Start of DATA TO EXAMINE
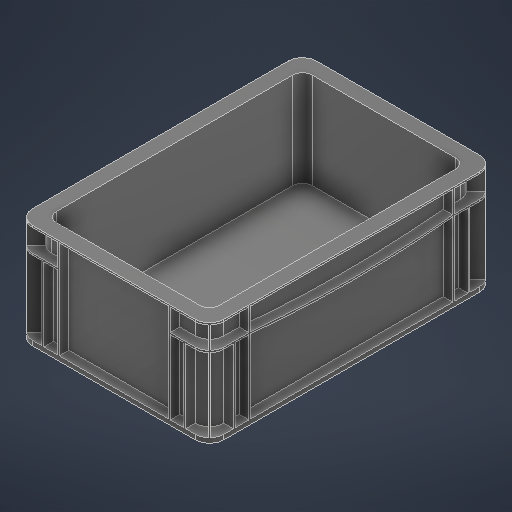
# Autodesk Inventor part: Zeichnung Box
Saved by Autodesk Inventor 2026.2 (Build 302298000, 298)
## iProperties
Created: 2025-11-27
Part Number: Zeichnung Box
Material: Acetalharz, Schwarz
Document SubType Name: Sheet Metal
Designer: Schally
Density: 1.425 g/cm^3
Sheet Metal Rule: Standard_mm
Appearance: Glatt - Schwarz
Author: Schally
Autodesk Inventor part; units mm, degrees
ref_plane "YZ Plane" through (0, 0, 0) normal (1, 0, 0) x (0, 1, 0)
ref_plane "XZ Plane" through (0, 0, 0) normal (0, 1, 0) x (-1, 0, 0)
ref_plane "XY Plane" through (0, 0, 0) normal (0, 0, 1) x (1, 0, 0)
sketch "Skizze1" plane through (0, 0, 0) normal (0, 0, 1) x (1, 0, 0)
  line L0 (-75, 133.5) -> (75, 133.5)
  line L1 (85, 123.5) -> (85, -123.5)
  line L2 (75, -133.5) -> (-75, -133.5)
  line L3 (-85, -123.5) -> (-85, 123.5)
  line L4 (0, -189.7995) -> (0, 189.7995) projected
  line L5 (-122.3137, 0) -> (124.3848, 0) projected
  arc A0 (85, 123.5) -> (75, 133.5) centre (75, 123.5) ccw
  line L6 (75, 133.5) -> (85, 123.5) construction
  line L7 (75, 133.5) -> (89.1421, 133.5) construction
  arc A1 (-75, 133.5) -> (-85, 123.5) centre (-75, 123.5) ccw
  arc A2 (-85, -123.5) -> (-75, -133.5) centre (-75, -123.5) ccw
  arc A3 (75, -133.5) -> (85, -123.5) centre (75, -123.5) ccw
  point P0 (0, 0)
  dimension "d0" = 267
  dimension "d1" = 170
  dimension "d2" = 45
  dimension "d3" = 10
  dimension "d4" = 10
  dimension "d9" = 20
  dimension "d10" = 10
  dimension "d11" = 10
  dimension "d12" = 20
  dimension "d13" = 10
  dimension "d14" = 10
  dimension "d19" = 20
  dimension "d20" = 10
  dimension "d21" = 10
  constraints: 12 end point, 8 point on circle, 4 centre point, 2 horizontal, 2 parallel, 1 equal length, 1 perpendicular, 2 other
  measures "d0" distance between parallel lines of L2 L0
  measures "d1" distance between parallel lines of L3 L1
  measures "d2" angle of L6 L7
  measures "d3" radius of A0
  measures "d4" distance from line of A0.centre L0
  measures "d9" diameter of A1
  measures "d10" distance from line of A1.centre L0
  measures "d11" distance from line of L3 A1.centre
  measures "d12" diameter of A2
  measures "d13" distance from line of L3 A2.centre
  measures "d14" distance from line of L2 A2.centre
  measures "d19" diameter of A3
  measures "d20" distance from line of L2 A3.centre
  measures "d21" distance from line of A3.centre L1
extrude "Extrusion1" add sketch "Skizze1" along normal blind 10
sketch "Skizze2" plane through (0, 0, 10) normal (0, 0, 1) x (1, 0, 0)
  line L0 (75, 133.5) -> (-75, 133.5) projected
  line L1 (75, 133.5) -> (-75, 133.5) projected
  line L2 (75, 133.5) -> (-75, 133.5) projected
  line L3 (75, 133.5) -> (-75, 133.5) projected
  arc A0 (85, 123.5) -> (75, 133.5) centre (75, 123.5) ccw projected
  arc A1 (85, 123.5) -> (75, 133.5) centre (75, 123.5) ccw projected
  arc A2 (85, 123.5) -> (75, 133.5) centre (75, 123.5) ccw projected
  arc A3 (85, 123.5) -> (75, 133.5) centre (75, 123.5) ccw projected
  line L4 (-85, 123.5) -> (-85, -123.5) projected
  line L5 (-85, 123.5) -> (-85, -123.5) projected
  line L6 (-85, 123.5) -> (-85, -123.5) projected
  line L7 (-85, 123.5) -> (-85, -123.5) projected
  arc A4 (-85, -123.5) -> (-75, -133.5) centre (-75, -123.5) ccw projected
  arc A5 (-85, -123.5) -> (-75, -133.5) centre (-75, -123.5) ccw projected
  arc A6 (-85, -123.5) -> (-75, -133.5) centre (-75, -123.5) ccw projected
  arc A7 (-85, -123.5) -> (-75, -133.5) centre (-75, -123.5) ccw projected
  line L8 (85, -123.5) -> (85, 123.5) projected
  line L9 (85, -123.5) -> (85, 123.5) projected
  line L10 (85, -123.5) -> (85, 123.5) projected
  line L11 (85, -123.5) -> (85, 123.5) projected
  line L12 (-75, -133.5) -> (75, -133.5) projected
  line L13 (-75, -133.5) -> (75, -133.5) projected
  line L14 (-75, -133.5) -> (75, -133.5) projected
  line L15 (-75, -133.5) -> (75, -133.5) projected
  line L16 (75, 133.5) -> (-75, 133.5) projected
  arc A8 (85, 123.5) -> (75, 133.5) centre (75, 123.5) ccw projected
  line L17 (85, -123.5) -> (85, 123.5) projected
  arc A9 (75, -133.5) -> (85, -123.5) centre (75, -123.5) ccw projected
  line L18 (-75, -133.5) -> (75, -133.5) projected
  arc A10 (-85, -123.5) -> (-75, -133.5) centre (-75, -123.5) ccw projected
  line L19 (-85, 123.5) -> (-85, -123.5) projected
  arc A11 (-75, 133.5) -> (-85, 123.5) centre (-75, 123.5) ccw projected
  arc A12 (75, -133.5) -> (85, -123.5) centre (75, -123.5) ccw projected
  arc A13 (75, -133.5) -> (85, -123.5) centre (75, -123.5) ccw projected
  arc A14 (75, -133.5) -> (85, -123.5) centre (75, -123.5) ccw projected
  arc A15 (75, -133.5) -> (85, -123.5) centre (75, -123.5) ccw projected
  line L20 (75, 133.5) -> (-75, 133.5) projected
  arc A16 (-75, 133.5) -> (-85, 123.5) centre (-75, 123.5) ccw projected
  line L21 (-85, 123.5) -> (-85, -123.5) projected
  arc A17 (-85, -123.5) -> (-75, -133.5) centre (-75, -123.5) ccw projected
  line L22 (-75, -133.5) -> (75, -133.5) projected
  arc A18 (75, -133.5) -> (85, -123.5) centre (75, -123.5) ccw projected
  line L23 (85, -123.5) -> (85, 123.5) projected
  arc A19 (85, 123.5) -> (75, 133.5) centre (75, 123.5) ccw projected
  arc A20 (-75, 133.5) -> (-85, 123.5) centre (-75, 123.5) ccw projected
  arc A21 (-75, 133.5) -> (-85, 123.5) centre (-75, 123.5) ccw projected
  arc A22 (-75, 133.5) -> (-85, 123.5) centre (-75, 123.5) ccw projected
  arc A23 (-75, 133.5) -> (-85, 123.5) centre (-75, 123.5) ccw projected
  line L24 (-130.3492, 0) -> (130.3492, 0) projected
  line L25 (0, -198.2492) -> (0, 198.2492) projected
  line L26 (90, -123.5) -> (90, 123.5)
  arc A24 (90, 123.5) -> (75, 138.5) centre (75, 123.5) ccw
  line L27 (75, 138.5) -> (-75, 138.5)
  arc A25 (-75, 138.5) -> (-90, 123.5) centre (-75, 123.5) ccw
  line L28 (-90, 123.5) -> (-90, -123.5)
  arc A26 (-90, -123.5) -> (-75, -138.5) centre (-75, -123.5) ccw
  line L29 (-75, -138.5) -> (75, -138.5)
  arc A27 (75, -138.5) -> (90, -123.5) centre (75, -123.5) ccw
  point P0 (0, 0)
  dimension "d25" = 5
  constraints: 8 end point, 8 point on circle, 4 centre point, 10 other
  measures "d25" radial gap between concentric circles of A9 A27
extrude "Extrusion2" add sketch "Skizze2" along normal blind 109
sketch "Skizze3" plane through (0, 0, 119) normal (0, 0, 1) x (1, 0, 0)
  line L0 (-75, -138.5) -> (75, -138.5) projected
  arc A0 (75, -138.5) -> (90, -123.5) centre (75, -123.5) ccw projected
  line L1 (-75, -133.5) -> (75, -133.5) projected
  arc A1 (-85, -123.5) -> (-75, -133.5) centre (-75, -123.5) ccw projected
  arc A2 (-85, -123.5) -> (-75, -133.5) centre (-75, -123.5) ccw projected
  arc A3 (-85, -123.5) -> (-75, -133.5) centre (-75, -123.5) ccw projected
  arc A4 (-90, -123.5) -> (-75, -138.5) centre (-75, -123.5) ccw projected
  line L2 (-75, -138.5) -> (75, -138.5) projected
  line L3 (-75, -138.5) -> (75, -138.5) projected
  line L4 (-75, -138.5) -> (75, -138.5) projected
  line L5 (-75, -133.5) -> (75, -133.5) projected
  line L6 (-75, -133.5) -> (75, -133.5) projected
  line L7 (-75, -133.5) -> (75, -133.5) projected
  arc A5 (75, -133.5) -> (85, -123.5) centre (75, -123.5) ccw projected
  arc A6 (75, -138.5) -> (90, -123.5) centre (75, -123.5) ccw projected
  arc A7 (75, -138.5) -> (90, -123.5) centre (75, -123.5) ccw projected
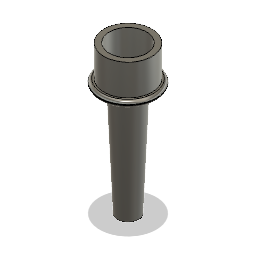
cap v9 (Autodesk Fusion 360 design; units mm, degrees)
Autodesk Fusion 360 part; units mm, degrees
note: some values were not read from the file. Set by a fixed rule: which sketch regions a step uses.
sketch "Sketch1" plane through (0, 0, 0) normal (0, 0, 1) x (1, 0, 0)
  line L0 (0, 0) -> (0, -36.322)
  line L1 (0, -36.322) -> (-2.286, -36.322)
  line L2 (-3.556, 0) -> (-2.286, -36.322)
  line L3 (-3.556, 0) -> (-3.556, 2.032)
  line L4 (0, 33.02) -> (0, -60.96) construction
  line L5 (-3.556, 2.032) -> (-5.7945, 2.032)
  line L6 (-6.096, 12.192) -> (0, 12.192)
  line L7 (0, 12.192) -> (0, 0)
  line L8 (-6.096, 12.192) -> (-5.7945, 2.032)
  dimension "d1" = 3.556
  dimension "d2" = 36.322
  dimension "d3" = 2.286
  dimension "d4" = 2.032
  dimension "d8" = 6.096
  dimension "d19" = 88.3
  measures "d1" distance of L0.start L2.start
  measures "d2" distance of L0.start L0.end
  measures "d3" distance of L0.end L1.end
  measures "d4" distance of L2.start L3.end
  measures "d8" distance of L6.start L6.end
  measures "d19" angle of L6 L8
sketch "Sketch2" plane through (0, 0, 0) normal (0, 0, 1) x (1, 0, 0)
  line L0 (-6.096, 12.192) -> (0, 12.192) construction
  line L1 (-6.096, 2.032) -> (-6.096, 12.192) construction
  line L2 (-3.556, 2.032) -> (-5.7945, 2.032) construction
  line L3 (-3.556, 0) -> (-3.556, 2.032) construction
  line L4 (-3.556, 0) -> (-2.286, -36.322) construction
  line L5 (0, -36.322) -> (-2.286, -36.322) construction
  line L6 (-7.874, 12.192) -> (-7.874, 2.032)
  line L7 (-9.3224, 0) -> (-9.3224, 2.032)
  line L8 (-7.874, 2.032) -> (-9.3224, 2.032)
  line L9 (-9.3224, 0) -> (-5.081, 0)
  line L10 (-7.874, 12.192) -> (0, 12.192)
  line L11 (0, 12.192) -> (0, -36.322)
  line L12 (0, -36.322) -> (-3.556, -36.322)
  line L13 (-3.556, -36.322) -> (-5.081, 0)
  dimension "d9" = 1.778
  dimension "d10" = 10.16
  dimension "d12" = 2.032
  dimension "d22" = 3.556
  measures "d9" distance of L0.start L6.start
  measures "d10" distance of L6.start L6.end
  measures "d12" distance of L7.start L7.end
  measures "d22" distance of L5.start L12.end
revolve "Revolve1" add sketch "Sketch2" angle 360 about axis through (0, 12.192, 0) along (0, -1, 0)
revolve "Revolve2" cut sketch "Sketch1" angle 360 about axis through (0, 12.192, 0) along (0, -1, 0)
fillet "Fillet1" radius 0.889 2 edges at (-8.6915, 2.032, 3.3711) (-8.6915, 0, 3.3711)
End of DATA TO EXAMINE
# INSTRUCTIONS TO FOLLOW:
Work through the data above and give the number of lines in which "normal" appears; add nothing else.

# YOUR RESPONSE:
10